Posted 02-08-2010 at 11:30 AM by Molluck's Assistant
i've just exploded at my stepfather. you know i'm not one to complain about my parents and the like. the last time i did that was ages ago to do with lending them money i hadn't got, but that wasn't their fault anyway. that was my own.

i've been away from them and i know what its like to try and keep on top of bills, general maintenance, whilst fucking working. but i have never seen eye to eye with my stepfather. ever, in fact. there's been many instances where we've conflicted, the difference being i cannot hold my temper and he will not back down.

we both have terrible flaws, so don't think i'm nitpicking faults with him when i say he is incredibly argumentative. i've never understood it. even when i was a child, i'd be making an innocent statement about something around us, and i would get a load of pushy questions in return. i would reply not knowing what i was getting myself into and then the shit would hit the fan.

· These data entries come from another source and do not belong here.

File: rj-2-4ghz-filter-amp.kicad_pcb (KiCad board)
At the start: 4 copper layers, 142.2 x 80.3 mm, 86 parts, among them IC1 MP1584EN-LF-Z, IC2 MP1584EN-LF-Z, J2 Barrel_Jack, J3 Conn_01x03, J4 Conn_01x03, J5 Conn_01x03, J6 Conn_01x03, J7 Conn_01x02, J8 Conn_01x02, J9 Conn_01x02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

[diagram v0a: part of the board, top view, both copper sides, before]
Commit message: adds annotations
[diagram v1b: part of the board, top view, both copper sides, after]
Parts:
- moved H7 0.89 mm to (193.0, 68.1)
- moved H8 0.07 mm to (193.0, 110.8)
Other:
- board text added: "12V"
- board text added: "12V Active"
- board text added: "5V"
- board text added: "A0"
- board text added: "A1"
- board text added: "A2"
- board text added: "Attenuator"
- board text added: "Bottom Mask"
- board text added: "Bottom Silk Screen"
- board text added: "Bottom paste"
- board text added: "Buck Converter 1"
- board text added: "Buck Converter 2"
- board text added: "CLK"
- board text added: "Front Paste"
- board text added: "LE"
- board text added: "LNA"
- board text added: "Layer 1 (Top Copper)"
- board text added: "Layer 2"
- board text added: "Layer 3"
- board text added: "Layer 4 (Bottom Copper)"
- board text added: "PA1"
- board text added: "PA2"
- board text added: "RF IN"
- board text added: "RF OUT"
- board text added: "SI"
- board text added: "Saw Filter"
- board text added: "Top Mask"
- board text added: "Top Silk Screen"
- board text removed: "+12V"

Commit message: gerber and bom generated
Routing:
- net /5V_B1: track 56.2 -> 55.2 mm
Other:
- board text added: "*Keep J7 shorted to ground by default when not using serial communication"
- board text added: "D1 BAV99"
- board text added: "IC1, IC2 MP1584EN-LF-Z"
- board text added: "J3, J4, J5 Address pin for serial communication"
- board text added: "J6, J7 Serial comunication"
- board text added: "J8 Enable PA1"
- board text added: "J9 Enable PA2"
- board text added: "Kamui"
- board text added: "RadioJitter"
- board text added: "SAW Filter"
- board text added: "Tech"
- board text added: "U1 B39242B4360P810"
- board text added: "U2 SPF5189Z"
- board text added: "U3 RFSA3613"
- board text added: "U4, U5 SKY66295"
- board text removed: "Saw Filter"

i work stupidly unsociable hours, and by that i mean mainly nights, but occasionally days. pretty stupid but its all there is, and so i only see him once he's already back from work. we're all entitled to be grumpy after work, and i'm not a child; i'm not in his face constantly. to be quite honest due to everything that's happened previous i could go weeks without saying a word to him, and i'm pretty damn sure he could too.

whatever, this all sounds very stupid. point is, i'd be lucky to get a reply in 3 days. a simple hello would suffice, and its always me who has to say it. never the other way around. i've done it before where i haven't said a word, and its just silence. fuck sake.

well the whole point of this is because i feel so fucking guilty for almost snapping with him. i don't even answer him back, or my mother. i'm very old fashioned that way. you shouldn't answer parents back; if you have something to say, you say it loud and clear. not behind their back or in little sarky remarks.

just things getting on top of me, hopefully. i've got upcoming debts to be paid too, on something i have not actually paid for yet, and it'll be a miracle if i manage to pull off a weekly payment system. i have the time, just not the fucking wages. then there's the bit where i'm trying to work out the bills in question, and that shite i got in my maths exams comes bounding back up to me, making my head go all fuzzy.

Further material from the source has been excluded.